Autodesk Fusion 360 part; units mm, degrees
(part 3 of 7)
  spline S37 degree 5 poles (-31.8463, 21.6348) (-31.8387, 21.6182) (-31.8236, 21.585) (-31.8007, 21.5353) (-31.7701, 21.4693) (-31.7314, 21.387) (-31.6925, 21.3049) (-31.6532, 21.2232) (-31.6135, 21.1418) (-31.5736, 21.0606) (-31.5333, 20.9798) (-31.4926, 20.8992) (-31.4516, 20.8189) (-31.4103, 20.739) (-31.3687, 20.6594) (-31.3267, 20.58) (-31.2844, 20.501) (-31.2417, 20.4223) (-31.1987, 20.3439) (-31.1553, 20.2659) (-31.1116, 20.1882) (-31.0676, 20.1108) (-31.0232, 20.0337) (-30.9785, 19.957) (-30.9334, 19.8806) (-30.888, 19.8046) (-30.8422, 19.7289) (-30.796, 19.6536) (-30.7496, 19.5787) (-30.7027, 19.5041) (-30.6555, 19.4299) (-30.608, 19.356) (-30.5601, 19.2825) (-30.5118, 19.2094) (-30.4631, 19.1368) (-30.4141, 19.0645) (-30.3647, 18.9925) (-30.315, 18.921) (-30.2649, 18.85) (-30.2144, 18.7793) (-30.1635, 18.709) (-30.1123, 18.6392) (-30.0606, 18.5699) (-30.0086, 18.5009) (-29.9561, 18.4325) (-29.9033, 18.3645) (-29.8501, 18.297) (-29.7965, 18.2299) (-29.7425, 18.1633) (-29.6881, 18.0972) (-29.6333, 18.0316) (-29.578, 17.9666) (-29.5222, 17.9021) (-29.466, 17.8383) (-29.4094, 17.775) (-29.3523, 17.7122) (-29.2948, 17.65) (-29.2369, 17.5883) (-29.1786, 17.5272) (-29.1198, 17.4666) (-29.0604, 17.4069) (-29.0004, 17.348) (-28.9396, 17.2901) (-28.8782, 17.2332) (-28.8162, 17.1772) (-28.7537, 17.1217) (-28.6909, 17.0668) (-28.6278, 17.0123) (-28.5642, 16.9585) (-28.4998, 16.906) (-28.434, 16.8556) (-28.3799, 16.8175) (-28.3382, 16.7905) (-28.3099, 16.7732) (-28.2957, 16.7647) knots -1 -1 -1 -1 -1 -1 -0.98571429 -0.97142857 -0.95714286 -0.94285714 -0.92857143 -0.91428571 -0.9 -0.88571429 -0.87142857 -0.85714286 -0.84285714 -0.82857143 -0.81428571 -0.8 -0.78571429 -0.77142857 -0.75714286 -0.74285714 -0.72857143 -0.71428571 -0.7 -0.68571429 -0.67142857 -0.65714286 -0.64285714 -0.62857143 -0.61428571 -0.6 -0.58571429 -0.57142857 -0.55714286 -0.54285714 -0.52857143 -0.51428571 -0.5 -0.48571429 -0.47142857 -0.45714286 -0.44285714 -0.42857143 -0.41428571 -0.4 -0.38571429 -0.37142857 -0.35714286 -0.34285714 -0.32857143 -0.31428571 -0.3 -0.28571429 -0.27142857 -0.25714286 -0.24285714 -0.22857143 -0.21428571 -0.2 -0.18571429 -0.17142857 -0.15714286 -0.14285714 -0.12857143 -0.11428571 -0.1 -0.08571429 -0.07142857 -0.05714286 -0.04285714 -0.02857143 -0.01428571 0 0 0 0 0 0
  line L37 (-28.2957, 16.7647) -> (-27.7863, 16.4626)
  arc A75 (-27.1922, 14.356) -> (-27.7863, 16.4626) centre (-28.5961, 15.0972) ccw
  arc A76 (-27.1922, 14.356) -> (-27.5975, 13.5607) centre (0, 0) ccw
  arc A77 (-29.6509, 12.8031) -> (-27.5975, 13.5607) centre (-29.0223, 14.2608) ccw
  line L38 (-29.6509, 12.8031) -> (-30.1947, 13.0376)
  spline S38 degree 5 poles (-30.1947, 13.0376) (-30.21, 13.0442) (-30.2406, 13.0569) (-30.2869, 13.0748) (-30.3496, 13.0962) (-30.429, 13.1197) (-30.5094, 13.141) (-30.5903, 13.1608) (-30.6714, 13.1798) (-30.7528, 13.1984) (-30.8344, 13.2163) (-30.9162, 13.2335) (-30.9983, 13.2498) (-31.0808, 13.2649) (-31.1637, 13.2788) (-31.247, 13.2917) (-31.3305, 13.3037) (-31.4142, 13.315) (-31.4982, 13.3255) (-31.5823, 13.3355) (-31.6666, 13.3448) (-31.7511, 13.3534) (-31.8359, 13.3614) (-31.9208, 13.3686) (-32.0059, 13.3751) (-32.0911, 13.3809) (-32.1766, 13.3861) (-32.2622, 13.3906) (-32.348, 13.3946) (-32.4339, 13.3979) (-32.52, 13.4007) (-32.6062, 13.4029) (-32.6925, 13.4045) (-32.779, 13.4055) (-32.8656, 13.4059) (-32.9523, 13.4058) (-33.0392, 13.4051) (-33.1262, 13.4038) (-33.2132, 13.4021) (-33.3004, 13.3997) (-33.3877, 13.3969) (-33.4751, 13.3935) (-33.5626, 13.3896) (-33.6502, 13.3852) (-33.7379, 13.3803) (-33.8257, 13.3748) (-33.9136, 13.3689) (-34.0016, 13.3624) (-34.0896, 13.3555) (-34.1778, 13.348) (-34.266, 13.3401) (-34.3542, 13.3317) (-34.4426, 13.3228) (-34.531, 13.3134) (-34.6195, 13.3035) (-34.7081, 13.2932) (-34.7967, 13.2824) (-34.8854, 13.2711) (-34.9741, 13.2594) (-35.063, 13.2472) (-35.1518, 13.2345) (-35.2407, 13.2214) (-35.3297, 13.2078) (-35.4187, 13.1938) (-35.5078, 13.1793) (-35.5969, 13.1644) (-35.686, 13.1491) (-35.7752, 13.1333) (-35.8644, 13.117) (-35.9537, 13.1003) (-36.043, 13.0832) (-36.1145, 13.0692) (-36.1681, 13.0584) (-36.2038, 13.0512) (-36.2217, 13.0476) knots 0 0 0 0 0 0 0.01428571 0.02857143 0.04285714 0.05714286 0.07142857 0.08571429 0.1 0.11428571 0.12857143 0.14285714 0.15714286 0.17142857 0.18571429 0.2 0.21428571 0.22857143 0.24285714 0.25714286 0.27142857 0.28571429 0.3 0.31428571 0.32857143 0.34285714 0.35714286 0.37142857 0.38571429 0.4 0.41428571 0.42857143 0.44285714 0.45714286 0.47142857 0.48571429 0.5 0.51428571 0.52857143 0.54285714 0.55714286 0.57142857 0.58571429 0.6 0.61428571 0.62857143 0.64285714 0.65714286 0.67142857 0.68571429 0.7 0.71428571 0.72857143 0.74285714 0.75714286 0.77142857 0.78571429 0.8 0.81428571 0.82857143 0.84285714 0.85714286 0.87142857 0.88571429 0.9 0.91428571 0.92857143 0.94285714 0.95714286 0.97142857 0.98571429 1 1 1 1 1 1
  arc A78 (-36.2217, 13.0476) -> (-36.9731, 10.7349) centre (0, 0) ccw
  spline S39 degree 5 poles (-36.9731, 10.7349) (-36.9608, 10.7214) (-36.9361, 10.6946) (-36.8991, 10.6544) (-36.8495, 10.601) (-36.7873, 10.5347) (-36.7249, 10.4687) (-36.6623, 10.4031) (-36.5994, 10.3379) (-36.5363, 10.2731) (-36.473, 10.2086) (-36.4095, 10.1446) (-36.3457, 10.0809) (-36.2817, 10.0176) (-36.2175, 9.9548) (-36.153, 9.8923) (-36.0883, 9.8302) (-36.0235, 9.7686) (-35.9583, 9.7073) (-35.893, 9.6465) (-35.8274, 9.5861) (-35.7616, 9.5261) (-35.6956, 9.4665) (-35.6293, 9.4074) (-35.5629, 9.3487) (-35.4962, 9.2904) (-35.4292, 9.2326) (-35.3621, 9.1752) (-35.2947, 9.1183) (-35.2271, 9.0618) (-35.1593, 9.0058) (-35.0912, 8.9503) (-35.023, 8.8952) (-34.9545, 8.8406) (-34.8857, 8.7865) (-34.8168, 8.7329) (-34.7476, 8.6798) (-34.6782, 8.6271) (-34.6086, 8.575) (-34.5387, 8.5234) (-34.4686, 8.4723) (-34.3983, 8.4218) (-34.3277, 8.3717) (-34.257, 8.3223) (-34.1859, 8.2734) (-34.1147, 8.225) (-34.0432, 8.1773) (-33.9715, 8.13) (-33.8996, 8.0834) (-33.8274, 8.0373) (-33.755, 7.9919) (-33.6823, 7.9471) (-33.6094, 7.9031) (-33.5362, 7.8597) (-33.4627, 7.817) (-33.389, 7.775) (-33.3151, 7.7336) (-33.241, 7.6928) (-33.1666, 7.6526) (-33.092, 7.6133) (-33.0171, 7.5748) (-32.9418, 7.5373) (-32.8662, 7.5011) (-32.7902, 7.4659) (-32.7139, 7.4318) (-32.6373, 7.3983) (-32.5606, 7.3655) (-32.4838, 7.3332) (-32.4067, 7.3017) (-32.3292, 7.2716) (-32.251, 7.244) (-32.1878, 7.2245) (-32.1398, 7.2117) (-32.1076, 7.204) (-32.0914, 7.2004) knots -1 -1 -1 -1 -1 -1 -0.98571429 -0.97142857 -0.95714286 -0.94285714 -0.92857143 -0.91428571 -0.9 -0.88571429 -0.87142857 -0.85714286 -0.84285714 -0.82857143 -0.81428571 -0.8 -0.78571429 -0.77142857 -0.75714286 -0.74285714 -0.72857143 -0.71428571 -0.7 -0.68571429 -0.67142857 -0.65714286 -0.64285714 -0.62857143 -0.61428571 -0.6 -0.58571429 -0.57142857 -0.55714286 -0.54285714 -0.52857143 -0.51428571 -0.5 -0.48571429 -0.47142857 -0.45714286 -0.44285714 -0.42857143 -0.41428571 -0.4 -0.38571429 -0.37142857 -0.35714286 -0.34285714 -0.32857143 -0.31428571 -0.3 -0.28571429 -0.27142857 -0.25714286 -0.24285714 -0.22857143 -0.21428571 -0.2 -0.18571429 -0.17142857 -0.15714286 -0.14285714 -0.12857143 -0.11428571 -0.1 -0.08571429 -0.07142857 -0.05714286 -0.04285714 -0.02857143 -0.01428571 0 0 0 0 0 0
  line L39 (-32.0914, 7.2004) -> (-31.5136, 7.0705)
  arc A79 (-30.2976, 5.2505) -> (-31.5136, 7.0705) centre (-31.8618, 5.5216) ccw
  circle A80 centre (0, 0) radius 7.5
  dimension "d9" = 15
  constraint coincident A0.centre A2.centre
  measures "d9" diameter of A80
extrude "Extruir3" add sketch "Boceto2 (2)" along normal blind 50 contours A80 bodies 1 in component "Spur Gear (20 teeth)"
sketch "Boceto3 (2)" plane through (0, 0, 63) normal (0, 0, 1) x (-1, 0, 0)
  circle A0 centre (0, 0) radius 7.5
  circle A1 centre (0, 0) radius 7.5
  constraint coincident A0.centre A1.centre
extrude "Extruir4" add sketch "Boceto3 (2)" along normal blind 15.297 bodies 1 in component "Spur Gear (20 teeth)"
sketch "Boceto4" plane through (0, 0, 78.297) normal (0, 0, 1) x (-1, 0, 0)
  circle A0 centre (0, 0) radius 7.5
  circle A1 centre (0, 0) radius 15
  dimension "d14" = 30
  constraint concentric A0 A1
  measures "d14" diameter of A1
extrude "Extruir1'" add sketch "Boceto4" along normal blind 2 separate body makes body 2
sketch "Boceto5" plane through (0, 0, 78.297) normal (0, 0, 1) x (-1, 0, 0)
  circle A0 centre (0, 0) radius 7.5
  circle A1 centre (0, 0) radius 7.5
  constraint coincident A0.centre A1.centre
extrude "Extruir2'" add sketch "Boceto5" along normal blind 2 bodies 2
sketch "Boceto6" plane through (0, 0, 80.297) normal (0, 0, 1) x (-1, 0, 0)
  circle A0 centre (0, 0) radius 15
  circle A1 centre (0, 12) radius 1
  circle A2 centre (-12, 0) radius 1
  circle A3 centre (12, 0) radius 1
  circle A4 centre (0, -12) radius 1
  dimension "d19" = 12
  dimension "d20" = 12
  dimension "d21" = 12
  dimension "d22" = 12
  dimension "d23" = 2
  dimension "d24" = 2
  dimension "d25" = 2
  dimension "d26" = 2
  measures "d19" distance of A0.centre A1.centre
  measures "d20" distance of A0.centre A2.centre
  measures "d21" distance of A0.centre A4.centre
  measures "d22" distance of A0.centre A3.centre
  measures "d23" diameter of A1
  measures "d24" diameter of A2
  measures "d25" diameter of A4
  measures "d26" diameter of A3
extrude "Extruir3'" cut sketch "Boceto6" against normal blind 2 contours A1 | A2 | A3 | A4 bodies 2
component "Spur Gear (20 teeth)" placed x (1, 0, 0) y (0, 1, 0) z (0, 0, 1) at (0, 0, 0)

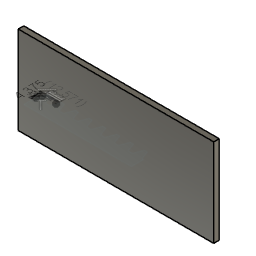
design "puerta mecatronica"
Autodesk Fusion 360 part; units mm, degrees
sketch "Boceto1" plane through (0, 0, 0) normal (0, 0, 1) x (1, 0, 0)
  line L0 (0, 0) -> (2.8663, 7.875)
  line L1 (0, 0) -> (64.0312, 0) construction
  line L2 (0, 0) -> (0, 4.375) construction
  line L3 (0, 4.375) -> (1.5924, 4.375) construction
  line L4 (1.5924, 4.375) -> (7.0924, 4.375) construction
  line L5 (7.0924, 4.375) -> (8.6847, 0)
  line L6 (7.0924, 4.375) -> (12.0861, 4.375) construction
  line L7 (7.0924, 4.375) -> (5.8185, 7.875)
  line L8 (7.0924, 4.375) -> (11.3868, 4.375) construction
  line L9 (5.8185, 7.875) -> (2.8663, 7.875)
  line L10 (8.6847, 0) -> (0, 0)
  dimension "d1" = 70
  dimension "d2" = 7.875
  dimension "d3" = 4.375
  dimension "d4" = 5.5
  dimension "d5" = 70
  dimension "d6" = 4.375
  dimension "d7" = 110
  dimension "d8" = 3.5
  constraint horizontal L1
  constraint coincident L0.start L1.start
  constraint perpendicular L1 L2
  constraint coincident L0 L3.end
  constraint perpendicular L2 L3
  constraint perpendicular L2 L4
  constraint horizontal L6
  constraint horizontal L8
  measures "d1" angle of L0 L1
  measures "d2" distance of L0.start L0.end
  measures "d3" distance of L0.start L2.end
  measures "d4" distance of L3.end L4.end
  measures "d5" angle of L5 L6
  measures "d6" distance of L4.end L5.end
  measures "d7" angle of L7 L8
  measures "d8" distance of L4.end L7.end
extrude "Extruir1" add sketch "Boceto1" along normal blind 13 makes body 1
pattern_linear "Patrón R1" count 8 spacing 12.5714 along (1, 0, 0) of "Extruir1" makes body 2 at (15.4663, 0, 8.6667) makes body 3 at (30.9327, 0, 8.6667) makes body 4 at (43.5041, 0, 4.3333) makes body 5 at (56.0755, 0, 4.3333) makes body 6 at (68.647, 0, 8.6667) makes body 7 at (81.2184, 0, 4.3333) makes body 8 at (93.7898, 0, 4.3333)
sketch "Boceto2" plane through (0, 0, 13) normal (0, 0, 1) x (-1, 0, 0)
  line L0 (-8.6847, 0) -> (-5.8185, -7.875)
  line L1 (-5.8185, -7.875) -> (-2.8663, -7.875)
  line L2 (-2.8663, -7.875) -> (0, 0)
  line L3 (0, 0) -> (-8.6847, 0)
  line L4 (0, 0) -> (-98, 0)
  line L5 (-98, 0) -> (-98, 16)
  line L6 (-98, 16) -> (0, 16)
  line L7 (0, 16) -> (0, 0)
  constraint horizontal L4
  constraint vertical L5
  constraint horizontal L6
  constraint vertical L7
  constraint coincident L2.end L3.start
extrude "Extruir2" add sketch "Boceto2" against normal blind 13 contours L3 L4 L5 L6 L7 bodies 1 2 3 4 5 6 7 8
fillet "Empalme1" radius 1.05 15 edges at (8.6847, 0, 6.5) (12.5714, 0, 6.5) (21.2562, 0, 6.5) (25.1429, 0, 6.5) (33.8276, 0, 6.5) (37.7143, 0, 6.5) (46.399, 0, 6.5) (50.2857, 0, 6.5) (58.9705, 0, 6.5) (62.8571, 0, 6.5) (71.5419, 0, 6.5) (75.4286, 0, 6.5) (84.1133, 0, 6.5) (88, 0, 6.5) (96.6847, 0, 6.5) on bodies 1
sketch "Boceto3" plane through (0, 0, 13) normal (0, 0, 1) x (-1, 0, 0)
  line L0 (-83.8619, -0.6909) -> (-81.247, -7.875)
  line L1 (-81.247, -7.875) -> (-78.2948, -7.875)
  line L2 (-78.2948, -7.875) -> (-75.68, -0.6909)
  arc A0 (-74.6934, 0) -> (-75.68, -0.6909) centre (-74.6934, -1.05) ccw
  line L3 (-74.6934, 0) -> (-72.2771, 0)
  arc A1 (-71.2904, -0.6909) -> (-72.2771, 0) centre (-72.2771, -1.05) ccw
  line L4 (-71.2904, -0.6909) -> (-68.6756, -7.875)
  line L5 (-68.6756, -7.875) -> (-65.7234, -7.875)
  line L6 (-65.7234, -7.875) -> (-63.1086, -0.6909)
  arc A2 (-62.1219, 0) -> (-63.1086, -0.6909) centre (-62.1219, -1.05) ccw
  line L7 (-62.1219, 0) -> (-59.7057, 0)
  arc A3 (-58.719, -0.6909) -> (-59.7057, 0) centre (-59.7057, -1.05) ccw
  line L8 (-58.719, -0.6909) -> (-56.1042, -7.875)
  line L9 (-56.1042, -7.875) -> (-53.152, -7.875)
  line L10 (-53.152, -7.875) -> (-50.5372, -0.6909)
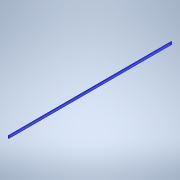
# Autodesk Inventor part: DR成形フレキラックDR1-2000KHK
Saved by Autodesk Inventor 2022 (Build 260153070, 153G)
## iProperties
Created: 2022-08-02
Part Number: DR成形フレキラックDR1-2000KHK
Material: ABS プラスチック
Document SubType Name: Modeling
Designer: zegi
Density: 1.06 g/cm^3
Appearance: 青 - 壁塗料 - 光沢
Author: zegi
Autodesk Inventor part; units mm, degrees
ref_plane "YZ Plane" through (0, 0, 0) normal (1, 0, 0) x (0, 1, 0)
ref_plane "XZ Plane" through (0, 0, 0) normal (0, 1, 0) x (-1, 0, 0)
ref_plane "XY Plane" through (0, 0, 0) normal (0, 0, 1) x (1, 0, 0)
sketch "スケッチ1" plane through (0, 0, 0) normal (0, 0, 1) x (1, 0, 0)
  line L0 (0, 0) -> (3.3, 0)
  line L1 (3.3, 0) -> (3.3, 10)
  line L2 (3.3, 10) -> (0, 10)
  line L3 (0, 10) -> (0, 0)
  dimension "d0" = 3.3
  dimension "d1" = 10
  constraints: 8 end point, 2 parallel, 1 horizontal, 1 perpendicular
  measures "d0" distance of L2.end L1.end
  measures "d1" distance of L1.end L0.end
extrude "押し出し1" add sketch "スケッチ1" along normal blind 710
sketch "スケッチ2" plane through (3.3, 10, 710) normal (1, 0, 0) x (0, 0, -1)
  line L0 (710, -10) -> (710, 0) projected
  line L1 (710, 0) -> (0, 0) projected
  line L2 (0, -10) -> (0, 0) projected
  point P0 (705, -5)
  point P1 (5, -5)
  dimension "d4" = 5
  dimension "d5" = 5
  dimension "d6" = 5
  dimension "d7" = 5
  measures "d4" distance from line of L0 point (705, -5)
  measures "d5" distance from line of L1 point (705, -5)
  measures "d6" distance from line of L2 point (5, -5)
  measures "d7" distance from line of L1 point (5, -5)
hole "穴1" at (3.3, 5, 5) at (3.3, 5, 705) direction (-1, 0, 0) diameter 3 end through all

Problem description |
Only the lines from the one containing "normal blind 710" through the last line of the records belong in the answer, each written out exactly.

Finished task |
extrude "押し出し1" add sketch "スケッチ1" along normal blind 710
sketch "スケッチ2" plane through (3.3, 10, 710) normal (1, 0, 0) x (0, 0, -1)
  line L0 (710, -10) -> (710, 0) projected
  line L1 (710, 0) -> (0, 0) projected
  line L2 (0, -10) -> (0, 0) projected
  point P0 (705, -5)
  point P1 (5, -5)
  dimension "d4" = 5
  dimension "d5" = 5
  dimension "d6" = 5
  dimension "d7" = 5
  measures "d4" distance from line of L0 point (705, -5)
  measures "d5" distance from line of L1 point (705, -5)
  measures "d6" distance from line of L2 point (5, -5)
  measures "d7" distance from line of L1 point (5, -5)
hole "穴1" at (3.3, 5, 5) at (3.3, 5, 705) direction (-1, 0, 0) diameter 3 end through all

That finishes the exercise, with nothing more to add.